The lift-over between mock reference and pre-existing reference genome to compare variants from both methods based on their chromosomal was done by using the tool transanno. Here, first the mock reference was aligned against the reference genome and the resulting file in pairwise mapping format (paf) was then used in transanno to create the lift-over chain and eventually to perform the lift-over. Chromosomal locations between the lift-overed mock reference-based variants and their pre-existing reference genome based counterparts were then again matched via bcftools isec.
The GRM structure differences were quantified by measuring the variability in different directions using the distance between the eigenvalues of the matrices, calculated using the Frobenius matrix norm.

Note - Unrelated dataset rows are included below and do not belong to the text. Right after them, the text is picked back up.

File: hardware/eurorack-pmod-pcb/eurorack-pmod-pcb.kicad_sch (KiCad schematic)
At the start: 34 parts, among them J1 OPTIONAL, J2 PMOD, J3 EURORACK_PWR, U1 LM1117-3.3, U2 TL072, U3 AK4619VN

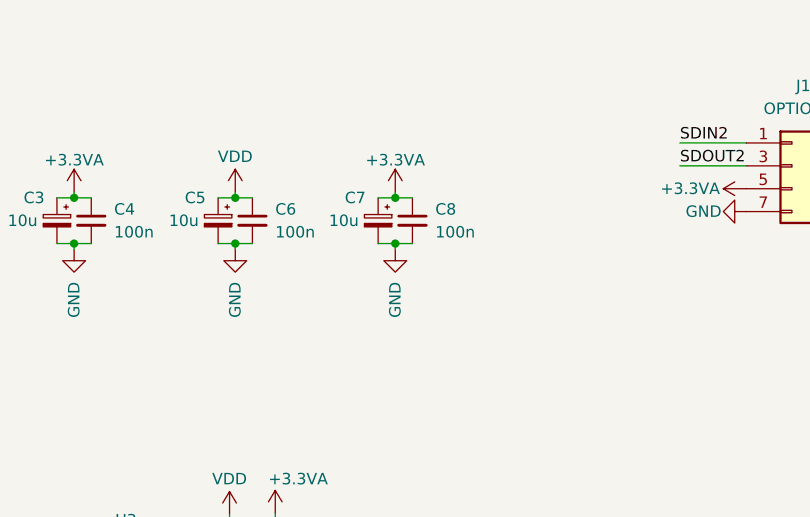
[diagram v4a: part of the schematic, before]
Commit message: Position all components on PCB
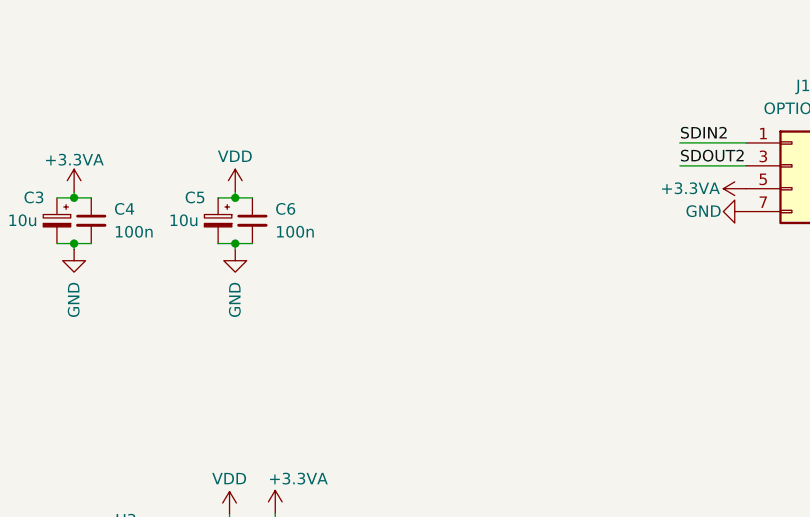
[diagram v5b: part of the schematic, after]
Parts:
- removed C7: 10u, Capacitor_Tantalum_SMD:CP_EIA-3216-10_Kemet-I, symbol Device:C_Polarized_Small
- removed C8: 100n, Capacitor_SMD:C_0603_1608Metric, symbol Device:C_Small
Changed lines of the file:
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@@
   (junction (at 247.015 88.9) (diameter 0) (color 0 0 0 0)
-  )
-  (junction (at 116.078 41.656) (diameter 0) (color 0 0 0 0)
-  )
-  (junction (at 116.078 36.576) (diameter 0) (color 0 0 0 0)
   )
   (junction (at 98.298 36.576) (diameter 0) (color 0 0 0 0)
@@
     (stroke (width 0) (type default) (color 0 0 0 0))
   )
-  (wire (pts (xy 116.078 41.656) (xy 117.983 41.656))
-    (stroke (width 0) (type default) (color 0 0 0 0))
-  )
   (wire (pts (xy 36.703 90.043) (xy 30.988 90.043))
     (stroke (width 0) (type default) (color 0 0 0 0))
@@
     (stroke (width 0) (type default) (color 0 0 0 0))
   )
-  (wire (pts (xy 116.078 41.656) (xy 116.078 42.291))
-    (stroke (width 0) (type default) (color 0 0 0 0))
-  )
   (wire (pts (xy 193.675 83.82) (xy 203.2 83.82))
     (stroke (width 0) (type default) (color 0 0 0 0))
@@
     (stroke (width 0) (type default) (color 0 0 0 0))
   )
-  (wire (pts (xy 114.173 41.656) (xy 116.078 41.656))
-    (stroke (width 0) (type default) (color 0 0 0 0))
-  )
   (wire (pts (xy 230.505 41.91) (xy 236.855 41.91))
     (stroke (width 0) (type default) (color 0 0 0 0))
@@
     (stroke (width 0) (type default) (color 0 0 0 0))
   )
-  (wire (pts (xy 116.078 35.941) (xy 116.078 36.576))
-    (stroke (width 0) (type default) (color 0 0 0 0))
-  )
   (wire (pts (xy 229.235 78.105) (xy 233.68 78.105))
     (stroke (width 0) (type default) (color 0 0 0 0))
@@
     (stroke (width 0) (type default) (color 0 0 0 0))
   )
-  (wire (pts (xy 116.078 36.576) (xy 117.983 36.576))
-    (stroke (width 0) (type default) (color 0 0 0 0))
-  )
   (wire (pts (xy 30.988 96.393) (xy 30.988 90.043))
     (stroke (width 0) (type default) (color 0 0 0 0))
@@
   )
   (wire (pts (xy 225.806 124.079) (xy 227.711 124.079))
-    (stroke (width 0) (type default) (color 0 0 0 0))
-  )
-  (wire (pts (xy 114.173 36.576) (xy 116.078 36.576))
     (stroke (width 0) (type default) (color 0 0 0 0))
   )
@@
     (pin "1")
   )
-  (symbol (lib_id "Device:C_Small") (at 117.983 39.116 0) (unit 1)
-    (in_bom yes) (on_board yes) (fields_autoplaced)
-    (property "Reference" "C8" (id 0) (at 120.523 37.8522 0)
-      (effects (font (size 1.27 1.27)) (justify left))
-    )
-    (property "Value" "100n" (id 1) (at 120.523 40.3922 0)
-      (effects (font (size 1.27 1.27)) (justify left))
-    )
-    (property "Footprint" "Capacitor_SMD:C_0603_1608Metric" (id 2) (at 117.983 39.116 0)
-      (effects (font (size 1.27 1.27)) hide)
-    )
-    (property "Datasheet" "~" (id 3) (at 117.983 39.116 0)
-      (effects (font (size 1.27 1.27)) hide)
-    )
-    (pin "1")
-    (pin "2")
-  )
   (symbol (lib_id "power:GND") (at 246.38 143.51 180) (unit 1)
     (in_bom yes) (on_board yes)
@@
     (pin "1")
   )
-  (symbol (lib_id "power:+3.3VA") (at 116.078 35.941 0) (unit 1)
-    (in_bom yes) (on_board yes)
-    (property "Reference" "#PWR015" (id 0) (at 116.078 39.751 0)
-      (effects (font (size 1.27 1.27)) hide)
-    )
-    (property "Value" "+3.3VA" (id 1) (at 116.078 32.385 0))
-    (property "Footprint" "" (id 2) (at 116.078 35.941 0)
-      (effects (font (size 1.27 1.27)) hide)
-    )
-    (property "Datasheet" "" (id 3) (at 116.078 35.941 0)
-      (effects (font (size 1.27 1.27)) hide)
-    )
-    (pin "1")
-  )
   (symbol (lib_id "power:GNDD") (at 69.723 137.16 0) (unit 1)
     (in_bom yes) (on_board yes) (fields_autoplaced)
@@
     )
     (property "Datasheet" "~" (id 3) (at 82.296 39.116 0)
-      (effects (font (size 1.27 1.27)) hide)
-    )
-    (pin "1")
-    (pin "2")
-  )
-  (symbol (lib_id "Device:C_Polarized_Small") (at 114.173 39.116 0) (mirror y) (unit 1)
-    (in_bom yes) (on_board yes)
-    (property "Reference" "C7" (id 0) (at 111.633 36.576 0))
-    (property "Value" "10u" (id 1) (at 110.363 39.116 0))
-    (property "Footprint" "Capacitor_Tantalum_SMD:CP_EIA-3216-10_Kemet-I" (id 2) (at 114.173 39.116 0)
-      (effects (font (size 1.27 1.27)) hide)
-    )
-    (property "Datasheet" "~" (id 3) (at 114.173 39.116 0)
       (effects (font (size 1.27 1.27)) hide)
     )
@@
     (pin "2")
   )
-  (symbol (lib_id "power:GND") (at 116.078 42.291 0) (unit 1)
-    (in_bom yes) (on_board yes)
-    (property "Reference" "#PWR024" (id 0) (at 116.078 48.641 0)
-      (effects (font (size 1.27 1.27)) hide)
-    )
-    (property "Value" "GND" (id 1) (at 116.078 49.911 90)
-      (effects (font (size 1.27 1.27)) (justify left))
-    )
-    (property "Footprint" "" (id 2) (at 116.078 42.291 0)
-      (effects (font (size 1.27 1.27)) hide)
-    )
-    (property "Datasheet" "" (id 3) (at 116.078 42.291 0)
-      (effects (font (size 1.27 1.27)) hide)
-    )
-    (pin "1")
-  )
   (symbol (lib_id "power:+5V") (at 29.718 27.813 0) (unit 1)
     (in_bom yes) (on_board yes)
@@
       (reference "#PWR014") (unit 1) (value "VDD") (footprint "")
     )
-    (path "/7c328871-126c-47c4-bbe2-7ab3ee8f32d9"
-      (reference "#PWR015") (unit 1) (value "+3.3VA") (footprint "")
-    )
     (path "/66c18ade-00b8-4d5b-9eb2-db4dc64dfd69"
       (reference "#PWR016") (unit 1) (value "GND") (footprint "")
@@
       (reference "#PWR023") (unit 1) (value "GND") (footprint "")
     )
-    (path "/be9d92df-8c25-476c-9086-b73d8a37ba62"
-      (reference "#PWR024") (unit 1) (value "GND") (footprint "")
-    )
     (path "/af64b9e9-cf6c-44d0-97a2-757f02f61370"
       (reference "#PWR025") (unit 1) (value "GND") (footprint "")
@@
       (reference "C6") (unit 1) (value "100n") (footprint "Capacitor_SMD:C_0603_1608Metric")
     )
-    (path "/8f1bdc56-2c2d-4f8a-98b2-fe5d783f2898"
-      (reference "C7") (unit 1) (value "10u") (footprint "Capacitor_Tantalum_SMD:CP_EIA-3216-10_Kemet-I")
-    )
-    (path "/6c62afb6-491a-48f3-b378-78e969fb1f38"
-      (reference "C8") (unit 1) (value "100n") (footprint "Capacitor_SMD:C_0603_1608Metric")
-    )
     (path "/04e44310-ac1a-4be8-8fdc-a71e796fa6bb"

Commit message: Finish routing
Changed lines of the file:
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@@
   (junction (at 227.711 129.159) (diameter 0) (color 0 0 0 0)
-  )
-  (junction (at 156.337 98.552) (diameter 0) (color 0 0 0 0)
   )
   (junction (at 227.711 124.079) (diameter 0) (color 0 0 0 0)
@@
   (junction (at 252.095 36.83) (diameter 0) (color 0 0 0 0)
   )
-  (junction (at 156.337 98.425) (diameter 0) (color 0 0 0 0)
-  )
   (junction (at 227.584 149.352) (diameter 0) (color 0 0 0 0)
   )
   (junction (at 229.235 86.36) (diameter 0) (color 0 0 0 0)
+  )
+  (junction (at 156.337 98.552) (diameter 0) (color 0 0 0 0)
   )
   (junction (at 263.525 29.21) (diameter 0) (color 0 0 0 0)
@@
   )
   (junction (at 29.718 34.671) (diameter 0) (color 0 0 0 0)
+  )
+  (junction (at 156.337 98.425) (diameter 0) (color 0 0 0 0)
   )
   (junction (at 227.584 144.272) (diameter 0) (color 0 0 0 0)
@@
     (stroke (width 0) (type default) (color 0 0 0 0))
   )
+  (wire (pts (xy 156.337 98.425) (xy 156.337 98.552))
+    (stroke (width 0) (type default) (color 0 0 0 0))
+  )

For whitefish data, relatedness in trios was assessed using the full whitefish data set to overcome bias in the small data set caused by few closely related individuals in the parental generation. In addition to the genomic relatedness, the genotype quality was assessed by evaluating non-Mendelian inheritance of the GBS variants in five families of trios, that included parents and an offspring.